Thu, Nov 14, 2019 - Page 2 News List

Diabetics, doctors do not see eye to eye, survey finds

By Lee I-chia  /  Staff reporter

Diabetics and their doctors might prioritize health concerns differently, which could affect medication and the prevention of complications, a survey released yesterday by the Taiwanese Association of Diabetes Educators showed.

The association released the survey on the eve of World Diabetes Day today.

The survey found that 64.8 percent of diabetics said controlling their blood sugar level is important for them, but 57 percent said they could not keep their hemoglobin A1c level under 7 percent — which is the target level for treatment — association president Tu Shih-te (杜思德) said.

Having high blood sugar levels for extended periods can damage internal organs, blood vessels and nerves, and might lead to complications, Formosan Diabetes Care Foundation chief executive officer Tsai Shih-Tzer (蔡世澤) said.

However, extremely low blood sugar levels are not good either, as they can increase the risk of heart attack, he said, adding that people with diabetes need to regularly test their blood sugar level.

“Another finding is that while doctors are most concerned about preventing low blood sugar levels, cardiovascular disease and kidney disease, we found that many patients are more concerned about their quality of life, so they care most about diabetic retinopathy,” Tu said.

Many diabetics are most afraid of losing their vision or having their lower limbs amputated due to diabetes, he said.

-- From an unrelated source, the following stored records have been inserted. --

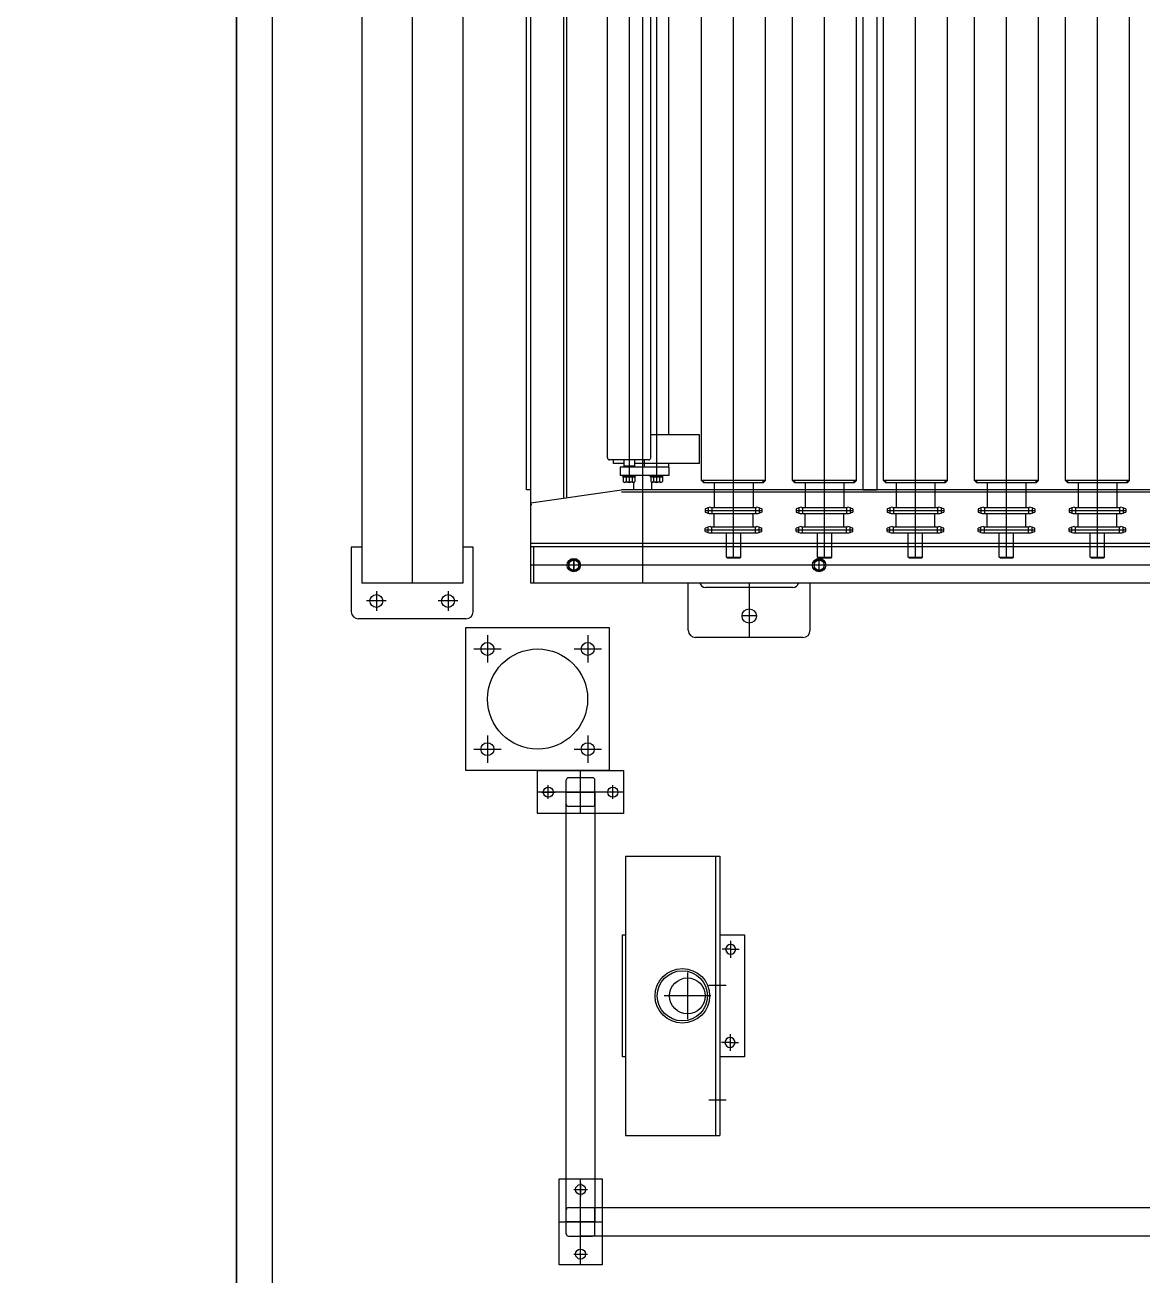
# Model space of a CAD drawing. Header units: millimetres. Extents: x -47382 to 204618, y -51045 to 127155.
# Drawn here: x 135205 to 136765, y 20736 to 22481 of the extents above; entities that cross this region are included whole.
import ezdxf

# ---------------------------------------------------------------- set-up
doc = ezdxf.new("R2010")
doc.units = ezdxf.units.MM
doc.header["$LTSCALE"] = 300
doc.header["$MEASUREMENT"] = 0
doc.header["$PDSIZE"] = -10
doc.linetypes.add('CEN', pattern=[62, 60, -1, 0, -1])
doc.layers.get('0').update_dxf_attribs({"linetype": 'CONTINUOUS'})
doc.layers.add('A-CEN', color=1, linetype='CEN')
doc.layers.add('A-DETL-PEN8', color=8, linetype='CONTINUOUS')
doc.styles.get("Standard").update_dxf_attribs({"font": ''})
doc.styles.get('Standard').set_extended_font_data('DotumChe')

# ---------------------------------------------------------------- blocks, each defined once
blk = doc.blocks.new('G$CD692945F')
at = {"layer": 'A-DETL-PEN8'}
for points in [[(514, 1095.1), (517, 1095.1), (517, 1092.1)], [(603.1, 1095.1), (600, 1095.1), (600, 1092.1)], [(641, 1095.1), (644, 1095.1), (644, 1092.1)], [(730.1, 1095.1), (727, 1095.1), (727, 1092.1)], [(768, 1095.1), (771, 1095.1), (771, 1092.1)], [(857.1, 1095.1), (854, 1095.1), (854, 1092.1)], [(895, 1095.1), (898, 1095.1), (898, 1092.1)], [(984.1, 1095.1), (981, 1095.1), (981, 1092.1)], [(1022, 1095.1), (1025, 1095.1), (1025, 1092.1)], [(1111.1, 1095.1), (1108, 1095.1), (1108, 1092.1)]]:
    blk.add_hatch(color=256, dxfattribs=at).paths.add_polyline_path(points)
for p, q in [((39.5, 2652.1, 0), (39.5, 952.1, 0)), ((110, 2652.1, 0), (110, 952.1, 0)), ((180.5, 2652.1, 0), (180.5, 952.1, 0)), ((431.5, 2601.6, 0), (431.5, 952.1, 0)), ((558.5, 987.1, 0), (558.5, 2607.1, 0)), ((685.5, 987.1, 0), (685.5, 2607.1, 0)), ((812.5, 987.1, 0), (812.5, 2607.1, 0)), ((939.5, 987.1, 0), (939.5, 2607.1, 0)), ((1066.5, 987.1, 0), (1066.5, 2607.1, 0)), ((275.5, 1064.1, 0), (275.5, 2593.8, 0)), ((321, 2586.9, 0), (321, 1070.8, 0)), ((325.5, 2586.3, 0), (325.5, 1071.5, 0)), ((269.5, 1082.1, 0), (269.5, 2582.1, 0)), ((412.8, 2571.4, 0), (412.8, 1092.8, 0)), ((451.1, 2571.4, 0), (451.1, 1092.8, 0)), ((514, 1095.1, 0), (514, 2569.1, 0)), ((603.1, 1095.1, 0), (603.1, 2569.1, 0)), ((641, 1095.1, 0), (641, 2569.1, 0)), ((730.1, 1095.1, 0), (730.1, 2569.1, 0)), ((739, 2582.1, 0), (739, 1082.1, 0)), ((759, 1082.1, 0), (759, 2582.1, 0)), ((768, 1095.1, 0), (768, 2569.1, 0)), ((857.1, 1095.1, 0), (857.1, 2569.1, 0)), ((895, 1095.1, 0), (895, 2569.1, 0)), ((984.1, 1095.1, 0), (984.1, 2569.1, 0)), ((1022, 1095.1, 0), (1022, 2569.1, 0)), ((1111.1, 1095.1, 0), (1111.1, 2569.1, 0)), ((382.5, 1127.1, 0), (382.5, 2537.1, 0)), ((443, 1127.1, 0), (443, 2537.1, 0)), ((468.1, 1159.1, 0), (468.1, 2489.4, 0)), ((511.1, 1159.1, 0), (443, 1159.1, 0)), ((511.1, 1119.1, 0), (511.1, 1159.1, 0)), ((440, 1124.1, 0), (385.5, 1124.1, 0)), ((391.1, 1119.1, 0), (391.1, 1124.1, 0)), ((405.3, 1119.1, 0), (391.1, 1119.1, 0)), ((405.3, 1124.1, 0), (405.3, 1115.1, 0)), ((420.3, 1124.1, 0), (420.3, 1115.1, 0)), ((511.1, 1119.1, 0), (420.3, 1119.1, 0)), ((434.1, 1114.1, 0), (434.1, 1124.1, 0)), ((468.1, 1114.1, 0), (468.1, 1119.1, 0)), ((468.1, 1114.1, 0), (400.3, 1114.1, 0)), ((400.3, 1114.1, 0), (400.3, 1102.1, 0)), ((468, 1102.1, 0), (400.3, 1102.1, 0)), ((403.4, 1101.2, 0), (403.4, 1102.1, 0)), ((422.1, 1101.2, 0), (403.4, 1101.2, 0)), ((404.6, 1099.8, 0), (404.6, 1101.2, 0)), ((406.3, 1114.1, 0), (405.3, 1115.1, 0)), ((420.3, 1115.1, 0), (405.3, 1115.1, 0)), ((412.8, 1101.2, 0), (412.2, 1099.8, 0)), ((413.3, 1101.2, 0), (412.8, 1099.8, 0)), ((419.3, 1114.1, 0), (420.3, 1115.1, 0)), ((420.9, 1099.8, 0), (420.9, 1101.2, 0)), ((422.1, 1101.2, 0), (422.1, 1102.1, 0)), ((441.8, 1101.2, 0), (441.8, 1102.1, 0)), ((460.4, 1101.2, 0), (441.8, 1101.2, 0)), ((442.9, 1099.8, 0), (442.9, 1101.2, 0)), ((451.1, 1101.2, 0), (450.5, 1099.8, 0)), ((451.7, 1101.2, 0), (451.1, 1099.8, 0)), ((459.3, 1099.8, 0), (459.3, 1101.2, 0)), ((460.4, 1101.2, 0), (460.4, 1102.1, 0)), ((468, 1114.1, 0), (468, 1102.1, 0)), ((420.9, 1099.8, 0), (404.6, 1099.8, 0)), ((420.9, 1099.8, 0), (404.6, 1099.8, 0)), ((404.6, 1099.8, 0), (404.6, 1094, 0)), ((418.9, 1092.8, 0), (406.6, 1092.8, 0)), ((408.7, 1099.8, 0), (408.7, 1094, 0)), ((416.8, 1099.8, 0), (416.8, 1094, 0)), ((419, 1092.8, 0), (419, 1082.1, 0)), ((420.9, 1099.8, 0), (420.9, 1094, 0)), ((459.3, 1099.8, 0), (442.9, 1099.8, 0)), ((459.3, 1099.8, 0), (442.9, 1099.8, 0)), ((442.9, 1099.8, 0), (442.9, 1094, 0)), ((444, 1093, 0), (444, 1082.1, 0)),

They are also worried that their prescribed medicines or insulin injections might damage the liver or kidneys, so some diabetics stop taking them and switch to alternative food supplements, Tu said.

However, controlling blood sugar levels and taking medication are the best way to prevent organ damage and other complications, he said, adding that cardiovascular disease is the most common cause of death for diabetics.

Diabetics lack accurate knowledge about the disease, so the association encourages them to discuss their treatment with doctors and make decisions together to better control their blood sugar levels and prevent complications, Tu said.

The survey collected valid responses from 113 physicians in hospital metabolism departments and from 452 people with type 2 diabetes.